8.06.2017

En Garde

Our old man's telling another one
about all the money he's about to save.
Those who know him tune these tales out.
The kid and I continue our dinner uncaring
like neighbors through the woods.
This latest plan involves solar panels
on the freshly roofed garage.
Our father pats himself on the back
for extending its dimensions by three feet
during construction, as if he'd seen
this lucrative energy endeavor coming
two years prior while dispersing the loan.

"It will cut bills immensely," he sighs.
"Indian Point is closing down
so electricity will go through the roof."
I think of the still unused generator and subpanel
he had installed in the basement for a small fortune
months before the Y2K Crisis didn't happen
and cringe at what some people squander on fear.

"I'm sad," my seven-year-old brother
blurts with rib sauce on his cheeks
after the need for more eastern sunlight is mentioned
by the amateur project manager
who spawned us decades apart.
No one acknowledges his sentiment.
It's a landmine, a potter's field
a storm worthy of song.

Dad points at folders of literature
on the dining room table and tells us
that this solar swindler wants him
to nag the neighbors about his enterprise.
I pity their foolish decisions to answer his knock.
We finish our Saturday evening meal
catching up from five weeks of overdue separation.
I conserve funds through selling sweat, not death.

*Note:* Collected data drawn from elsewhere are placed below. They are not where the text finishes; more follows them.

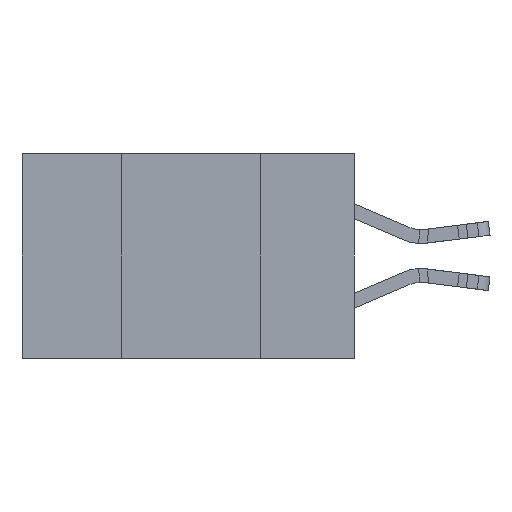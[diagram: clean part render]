
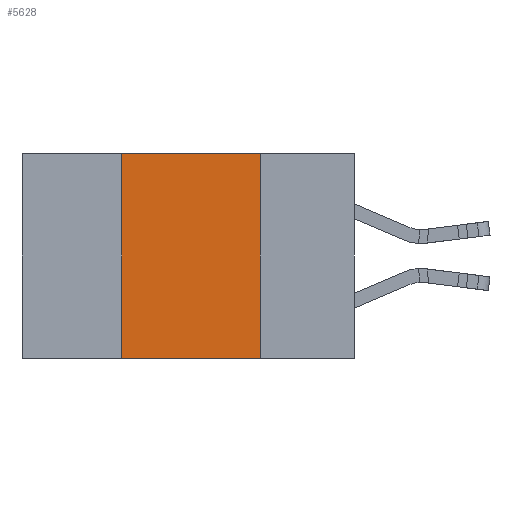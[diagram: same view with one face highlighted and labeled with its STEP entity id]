
A CAD part, left-side view. The second image highlights one B-rep face of the part: STEP entity #5628.
In plain terms, the highlighted planar face has unit normal (-1, 0, 0).
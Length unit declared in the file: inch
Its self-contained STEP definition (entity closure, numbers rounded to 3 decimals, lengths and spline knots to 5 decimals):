
#705 = EDGE_CURVE ( 'NONE', #1166, #11656, #21815, .T. ) ;
#817 = ORIENTED_EDGE ( 'NONE', *, *, #5082, .F. ) ;
#887 = LINE ( 'NONE', #14157, #6331 ) ;
#899 = FACE_OUTER_BOUND ( 'NONE', #3759, .T. ) ;
#1110 = LINE ( 'NONE', #25203, #18665 ) ;
#1166 = VERTEX_POINT ( 'NONE', #18307 ) ;
#1342 = DIRECTION ( 'NONE',  ( 0., -1., 0. ) ) ;
#1880 = DIRECTION ( 'NONE',  ( 0., 0., -1. ) ) ;
#3559 = CARTESIAN_POINT ( 'NONE',  ( 0., 0.42, 0. ) ) ;
#3759 = EDGE_LOOP ( 'NONE', ( #14180, #817, #28655, #19576 ) ) ;
#5082 = EDGE_CURVE ( 'NONE', #6481, #1166, #27068, .T. ) ;
#5628 = ADVANCED_FACE ( 'NONE', ( #899 ), #21210, .F. ) ;
#6331 = VECTOR ( 'NONE', #18614, 39.37008 ) ;
#6481 = VERTEX_POINT ( 'NONE', #3559 ) ;
#6806 = CARTESIAN_POINT ( 'NONE',  ( 0., 0.6, 0. ) ) ;
#6914 = EDGE_CURVE ( 'NONE', #13409, #6481, #1110, .T. ) ;
#7730 = DIRECTION ( 'NONE',  ( 1., 0., 0. ) ) ;
#9326 = VECTOR ( 'NONE', #1342, 39.37008 ) ;
#10673 = VECTOR ( 'NONE', #1880, 39.37008 ) ;
#11533 = CARTESIAN_POINT ( 'NONE',  ( 0., 0.17, 0. ) ) ;
#11656 = VERTEX_POINT ( 'NONE', #15016 ) ;
#11919 = DIRECTION ( 'NONE',  ( 0., 0., 1. ) ) ;
#13409 = VERTEX_POINT ( 'NONE', #20980 ) ;
#14157 = CARTESIAN_POINT ( 'NONE',  ( 0., 0.6, -0.37 ) ) ;
#14180 = ORIENTED_EDGE ( 'NONE', *, *, #705, .F. ) ;
#15016 = CARTESIAN_POINT ( 'NONE',  ( 0., 0.17, -0.37 ) ) ;
#18307 = CARTESIAN_POINT ( 'NONE',  ( 0., 0.17, 0. ) ) ;
#18614 = DIRECTION ( 'NONE',  ( 0., -1., 0. ) ) ;
#18665 = VECTOR ( 'NONE', #11919, 39.37008 ) ;
#19232 = AXIS2_PLACEMENT_3D ( 'NONE', #27742, #7730, #23421 ) ;
#19576 = ORIENTED_EDGE ( 'NONE', *, *, #24996, .T. ) ;
#20980 = CARTESIAN_POINT ( 'NONE',  ( 0., 0.42, -0.37 ) ) ;
#21210 = PLANE ( 'NONE',  #19232 ) ;
#21815 = LINE ( 'NONE', #11533, #10673 ) ;
#23421 = DIRECTION ( 'NONE',  ( 0., 0., -1. ) ) ;
#24996 = EDGE_CURVE ( 'NONE', #13409, #11656, #887, .T. ) ;
#25203 = CARTESIAN_POINT ( 'NONE',  ( 0., 0.42, 0. ) ) ;
#27068 = LINE ( 'NONE', #6806, #9326 ) ;
#27742 = CARTESIAN_POINT ( 'NONE',  ( 0., 0.6, 0. ) ) ;
#28655 = ORIENTED_EDGE ( 'NONE', *, *, #6914, .F. ) ;

Once dinner's done I take the boy for a stroll around the block
to promote more than physical digestion--
just the two of us, as it needs to be sometimes.
"I'm sad, too," I tell him as we round the corner
with forest newly cleared, absorbing our view of the Hudson.
The child's afflicted blessing is familiar.
He senses much for a soul of his age;
remembers what counts; responds.

"That tree is so big and old.
We'll have to take the hammock down."
His voice trails off despairingly.
In my own youth I pretended it was a ship
on rough waters while friends and I struggled
to keep its cords afloat, laughing like deranged sailors.
I should reach for his hand
as he walks the curb like a balance beam
but my own is shaking, too.

Our creator was affected when the row of stoic pines
along the summer house in the Adirondacks
where he spent his boyhood
had to come down twelve years ago
due to blight and risk of falling.
The similar impact of this undue evil
holds no bearing on his current decision.
Nothing breaks the cycle aside from six feet.

Feed a cold, starve a fever
manage to forgive the culprit's best intentions.
It's illegal to deny anyone
a glass of water in Arizona
though there's nothing on the books here
about felling a massive sugar maple
that's earned its place in the soil.